→ THE TASK: Before anything else, drop the pictures; then return exactly the lines from the top of the listing through the line with "import ezdxf".

*** Begin section ***

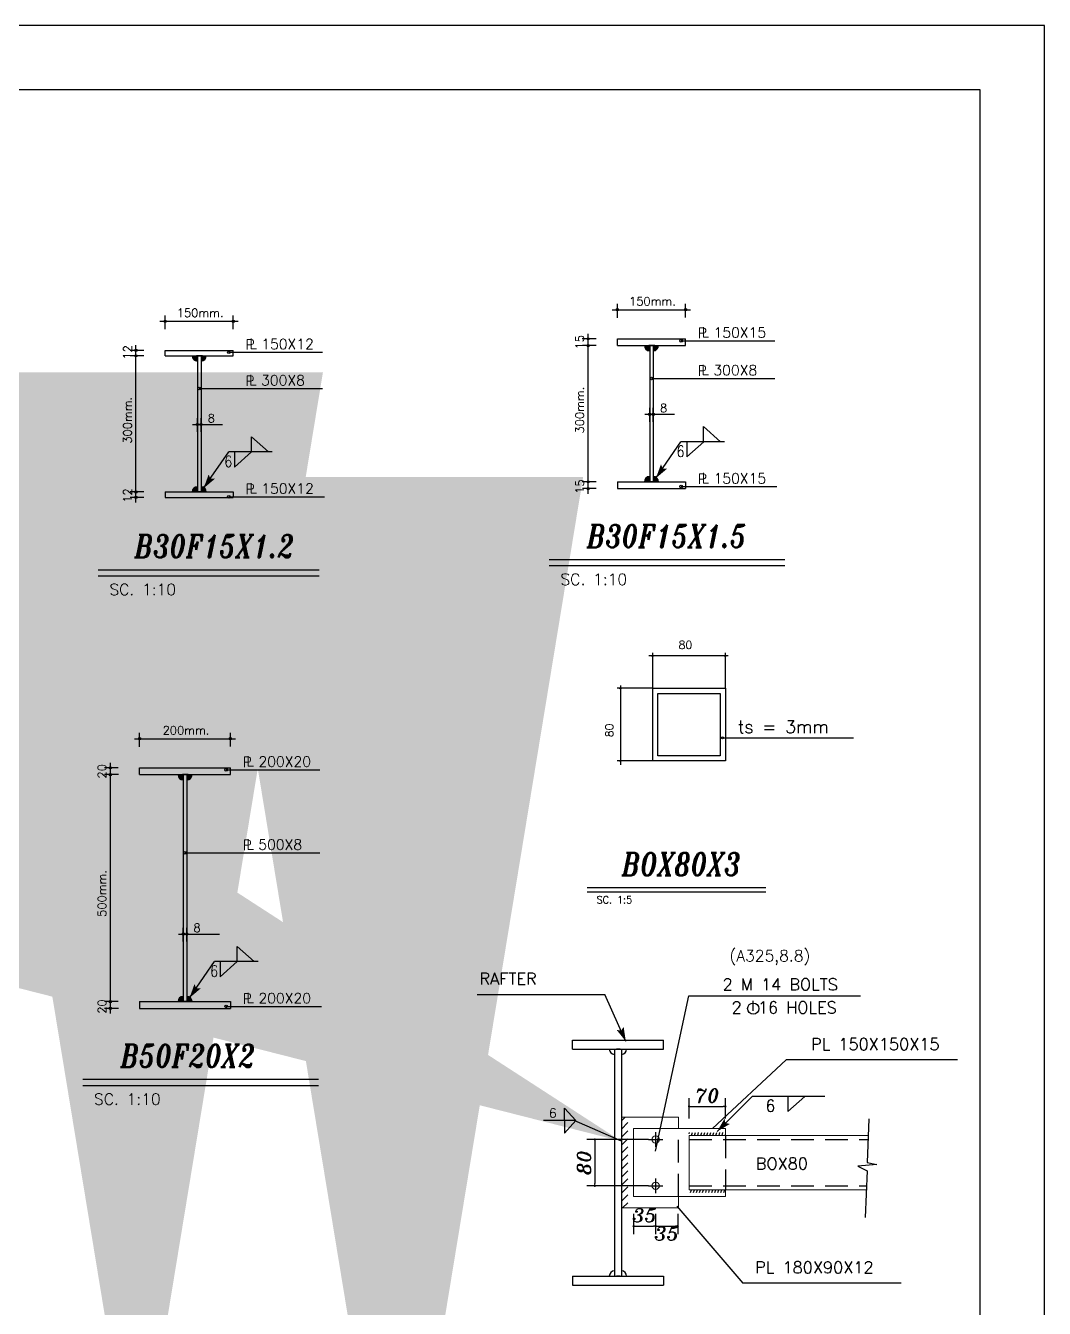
# Model space of a CAD drawing. Header units: inches. Extents: x 1387 to 2676, y -3554 to -2136.
# Drawn here: x 2553.02 to 2575.46, y -2735.99 to -2707.73 of the extents above; entities that cross this region are included whole.
import ezdxf

# ---------------------------------------------------------------- set-up
doc = ezdxf.new("R2010")
doc.units = ezdxf.units.IN
doc.header["$MEASUREMENT"] = 0
doc.linetypes.add('HIDDEN', pattern=[0.375, 0.25, -0.125])
for name, color, linetype in [('1', 1, 'Continuous'), ('1R', 1, 'Continuous'), ('2Y', 2, 'Continuous'), ('3', 3, 'HIDDEN'), ('3G', 3, 'Continuous'), ('4C', 4, 'Continuous'), ('6M', 6, 'Continuous'), ('7', 7, 'Continuous'), ('DIM', 8, 'Continuous'), ('dim-plan', 1, 'Continuous'), ('lateral brace', 5, 'Continuous'), ('Layer4', 118, 'Continuous'), ('leader-1', 1, 'Continuous'), ('TEXT', 3, 'Continuous'), ('TEXT-1', 3, 'Continuous')]:
    doc.layers.add(name, color=color, linetype=linetype)
doc.layers.add('2', color=2, linetype='Continuous', lineweight=9)
doc.styles.add('GOTHIC', font='GOTHIC.TTF')
doc.styles.add('ITALICT', font='italict')
doc.styles.add('ROMANS', font='ROMANS')
doc.styles.add('ROMANT', font='romant')
doc.dimstyles.new('1-10', dxfattribs={"dimscale": 0, "dimtxt": 20, "dimasz": 25, "dimexe": 10, "dimexo": 10, "dimgap": 10, "dimtad": 0, "dimdec": 0, "dimtxsty": 'GOTHIC', "dimcen": 0, "dimclrd": 256, "dimclre": 256, "dimclrt": 1, "dimadec": 0, "dimazin": 0, "dimtfac": 1, "dimtdec": 0, "dimtofl": 0, "dimtmove": 2, "dimatfit": 3, "dimfxl": 1, "dimarcsym": 0})
doc.dimstyles.new('Copy of 1-5(100)', dxfattribs={"dimscale": 100, "dimtxt": 2.5, "dimasz": 2.3, "dimexe": 1.5, "dimexo": 3, "dimgap": 1, "dimtad": 1, "dimdec": 0, "dimlfac": 0.05, "dimdsep": 46, "dimtxsty": 'ROMANS', "dimcen": 0, "dimclrd": 1, "dimclre": 1, "dimclrt": 2, "dimadec": 0, "dimazin": 0, "dimtfac": 2, "dimtdec": 0, "dimtmove": 2, "dimatfit": 3, "dimfxl": 1.5, "dimtolj": 1, "dimtzin": 0, "dimarcsym": 0})
doc.dimstyles.new('FAZ1-2$0$NEW', dxfattribs={"dimtxt": 0.3, "dimasz": 0.05, "dimexe": 0.18, "dimexo": 0, "dimgap": 0.09, "dimtad": 1, "dimdec": 0, "dimlfac": 100, "dimzin": 0, "dimdsep": 46, "dimtxsty": 'ITALICT', "dimblk": 'DOT', "dimcen": 0.045, "dimclrt": 2, "dimadec": 0, "dimazin": 0, "dimtfac": 1, "dimtdec": 0, "dimtmove": 1, "dimatfit": 3, "dimldrblk": 'DOT', "dimfxl": 0.18, "dimtolj": 1, "dimtzin": 0, "dimarcsym": 0})

# ---------------------------------------------------------------- blocks, each defined once
blk = doc.blocks.new('_Dot')
at = {"layer": 'DIM', "color": 0, "lineweight": -2}
blk.add_line((-0.5, 0), (-1, 0), dxfattribs=at)
at = {"layer": 'DIM', "color": 0, "const_width": 0.5}
blk.add_lwpolyline([(-0.25, 0, 1), (0.25, 0, 1)], format="xyb", close=True, dxfattribs=at)
blk = doc.blocks.new('*D3127')
at = {"layer": 'Defpoints', "color": 0, "transparency": 16777216}
for p in [(2566.739, -2732.27), (2565.56, -2733.29), (2566.739, -2733.29)]:
    blk.add_point(p, dxfattribs=at)
at = {"layer": 'dim-plan', "color": 0, "lineweight": -2, "transparency": 16777216}
for p, q in [((2566.739, -2732.27), (2565.38, -2732.27)), ((2565.56, -2732.32), (2565.56, -2733.24)), ((2566.739, -2733.29), (2565.38, -2733.29))]:
    blk.add_line(p, q, dxfattribs=at)
at = {"layer": 'dim-plan', "color": 0, "lineweight": -2, "transparency": 16777216, "xscale": 0.05, "yscale": 0.05, "zscale": 0.05}
for p, rotation in [((2565.56, -2732.27), 90), ((2565.56, -2733.29), 270)]:
    blk.add_blockref('_Dot', p, dxfattribs=dict(at, rotation=rotation))
at = {"layer": 'dim-plan', "color": 2, "lineweight": 15, "transparency": 16777216, "insert": (2565.32, -2732.78), "char_height": 0.3, "attachment_point": 5, "rotation": 90, "style": 'ITALICT'}
blk.add_mtext('\\A1;80', dxfattribs=at)
blk = doc.blocks.new('*D3128')
at = {"layer": 'Defpoints', "color": 0, "transparency": 16777216}
for p in [(2566.414, -2733.911), (2566.899, -2733.911), (2566.899, -2734.179)]:
    blk.add_point(p, dxfattribs=at)
at = {"layer": 'dim-plan', "color": 0, "lineweight": -2, "transparency": 16777216}
for p, q in [((2566.414, -2733.911), (2566.414, -2734.359)), ((2566.899, -2733.911), (2566.899, -2734.359)), ((2566.464, -2734.179), (2566.849, -2734.179))]:
    blk.add_line(p, q, dxfattribs=at)
at = {"layer": 'dim-plan', "color": 0, "lineweight": -2, "transparency": 16777216, "xscale": 0.05, "yscale": 0.05, "zscale": 0.05, "rotation": 180}
blk.add_blockref('_Dot', (2566.414, -2734.179), dxfattribs=at)
at = {"layer": 'dim-plan', "color": 0, "lineweight": -2, "transparency": 16777216, "xscale": 0.05, "yscale": 0.05, "zscale": 0.05}
blk.add_blockref('_Dot', (2566.899, -2734.179), dxfattribs=at)
at = {"layer": 'dim-plan', "color": 2, "lineweight": 15, "transparency": 16777216, "insert": (2566.656, -2733.939), "char_height": 0.3, "attachment_point": 5, "style": 'ITALICT'}
blk.add_mtext('\\A1;35', dxfattribs=at)
blk = doc.blocks.new('*D3129')
at = {"layer": 'Defpoints', "color": 0, "transparency": 16777216}
for p in [(2566.899, -2733.911), (2567.385, -2733.911), (2567.385, -2734.179)]:
    blk.add_point(p, dxfattribs=at)
at = {"layer": 'dim-plan', "color": 0, "lineweight": -2, "transparency": 16777216}
for p, q in [((2566.899, -2733.911), (2566.899, -2734.359)), ((2567.385, -2733.911), (2567.385, -2734.359)), ((2566.949, -2734.179), (2567.335, -2734.179))]:
    blk.add_line(p, q, dxfattribs=at)
at = {"layer": 'dim-plan', "color": 0, "lineweight": -2, "transparency": 16777216, "xscale": 0.05, "yscale": 0.05, "zscale": 0.05, "rotation": 180}
blk.add_blockref('_Dot', (2566.899, -2734.179), dxfattribs=at)
at = {"layer": 'dim-plan', "color": 0, "lineweight": -2, "transparency": 16777216, "xscale": 0.05, "yscale": 0.05, "zscale": 0.05}
blk.add_blockref('_Dot', (2567.385, -2734.179), dxfattribs=at)
at = {"layer": 'dim-plan', "color": 2, "lineweight": 15, "transparency": 16777216, "insert": (2567.142, -2734.343), "char_height": 0.3, "attachment_point": 5, "style": 'ITALICT'}
blk.add_mtext('\\A1;35', dxfattribs=at)
blk = doc.blocks.new('*D3130')
at = {"layer": 'Defpoints', "color": 0, "transparency": 16777216}
for p in [(2567.635, -2731.811), (2568.435, -2731.543), (2568.435, -2731.811)]:
    blk.add_point(p, dxfattribs=at)
at = {"layer": 'dim-plan', "color": 0, "lineweight": -2, "transparency": 16777216}
for p, q in [((2567.635, -2731.811), (2567.635, -2731.363)), ((2568.435, -2731.811), (2568.435, -2731.363)), ((2567.685, -2731.543), (2568.385, -2731.543))]:
    blk.add_line(p, q, dxfattribs=at)
at = {"layer": 'dim-plan', "color": 0, "lineweight": -2, "transparency": 16777216, "xscale": 0.05, "yscale": 0.05, "zscale": 0.05, "rotation": 180}
blk.add_blockref('_Dot', (2567.635, -2731.543), dxfattribs=at)
at = {"layer": 'dim-plan', "color": 0, "lineweight": -2, "transparency": 16777216, "xscale": 0.05, "yscale": 0.05, "zscale": 0.05}
blk.add_blockref('_Dot', (2568.435, -2731.543), dxfattribs=at)
at = {"layer": 'dim-plan', "color": 2, "lineweight": 15, "transparency": 16777216, "insert": (2568.035, -2731.303), "char_height": 0.3, "attachment_point": 5, "style": 'ITALICT'}
blk.add_mtext('\\A1;70', dxfattribs=at)

msp = doc.modelspace()

# ---------------------------------------------------------------- hatches: boundary and pattern name
at = {"layer": '1R'}
h = msp.add_hatch(dxfattribs=at)
h.set_pattern_fill('ANSI31', color=256, scale=0.02, angle=26.235322843, style=0)
h.set_pattern_definition([(251.2353228, (4942.622644, -2570.789735), (0.0601248326, -0.0204268086), [])])
h.paths.add_polyline_path([(2568.43472634, -2732.17956789), (2568.43472634, -2732.11956789), (2567.63472634, -2732.11956789), (2567.63472634, -2732.17956789)])
h.paths.add_polyline_path([(2568.43472634, -2733.43956789), (2568.43472634, -2733.37956789), (2567.63472634, -2733.37956789), (2567.63472634, -2733.43956789)])
at = {"layer": 'dim-plan', "lineweight": 15}
h = msp.add_hatch(dxfattribs=at)
h.set_pattern_fill('ANSI31', color=256, style=0)
h.set_pattern_definition([(45, (2949.5514, -3186.19929), (-0.088388348, 0.088388348), [])])
h.paths.add_polyline_path([(2566.28313582, -2731.77956789), (2566.14326138, -2731.77956789), (2566.14326138, -2733.77956789), (2566.28313582, -2733.77956789)])
at = {"layer": 'TEXT-1'}
for points in [[(2566.76753705, -2714.89364754, -0.4142135624), (2566.65277473, -2714.77888522), (2566.76753705, -2714.77888522)], [(2566.84753705, -2714.89364754, 0.4142135624), (2566.96229937, -2714.77888522), (2566.84753705, -2714.77888522)], [(2556.80627246, -2715.11762272, -0.4142135624), (2556.69151014, -2715.0028604), (2556.80627246, -2715.0028604)], [(2556.88627246, -2715.11762272, 0.4142135624), (2557.00103478, -2715.0028604), (2556.88627246, -2715.0028604)], [(2566.76753705, -2717.6641229, 0.4142135624), (2566.65277473, -2717.77888522), (2566.76753705, -2717.77888522)], [(2566.84753705, -2717.6641229, -0.4142135624), (2566.96229937, -2717.77888522), (2566.84753705, -2717.77888522)], [(2556.80627246, -2717.88809808, 0.4142135624), (2556.69151014, -2718.0028604), (2556.80627246, -2718.0028604)], [(2556.88627246, -2717.88809808, -0.4142135624), (2557.00103478, -2718.0028604), (2556.88627246, -2718.0028604)], [(2556.49452928, -2724.34659885, -0.4142135624), (2556.37976696, -2724.23183653), (2556.49452928, -2724.23183653)], [(2556.57452928, -2724.34659885, 0.4142135624), (2556.6892916, -2724.23183653), (2556.57452928, -2724.23183653)], [(2556.49452928, -2729.11707421, 0.4142135624), (2556.37976696, -2729.23183653), (2556.49452928, -2729.23183653)], [(2556.57452928, -2729.11707421, -0.4142135624), (2556.6892916, -2729.23183653), (2556.57452928, -2729.23183653)]]:
    msp.add_hatch(color=256, dxfattribs=at).paths.add_polyline_path(points)

# ---------------------------------------------------------------- linework, layer by layer
at = {"layer": '1', "linetype": 'HIDDEN', "ltscale": 2}
for p, q in [((2567.39920158, -2733.52956789), (2567.39920158, -2732.02956789)), ((2567.63472634, -2732.26956789), (2571.57943118, -2732.26956789)), ((2568.43472634, -2732.17956789), (2568.43472634, -2733.37956789)), ((2567.63472634, -2733.28956789), (2571.54144978, -2733.28956789))]:
    msp.add_line(p, q, dxfattribs=at)
at = {"layer": '1'}
for p, q in [((2566.73920158, -2732.26956789), (2567.05920158, -2732.26956789)), ((2566.89920158, -2732.10956789), (2566.89920158, -2732.42956789)), ((2566.89920158, -2733.12956789), (2566.89920158, -2733.44956789)), ((2566.73920158, -2733.28956789), (2567.05920158, -2733.28956789))]:
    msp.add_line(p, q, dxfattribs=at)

*** End section ***

→ OUTPUT:
# Model space of a CAD drawing. Header units: inches. Extents: x 1387 to 2676, y -3554 to -2136.
# Drawn here: x 2553.02 to 2575.46, y -2735.99 to -2707.73 of the extents above; entities that cross this region are included whole.
import ezdxf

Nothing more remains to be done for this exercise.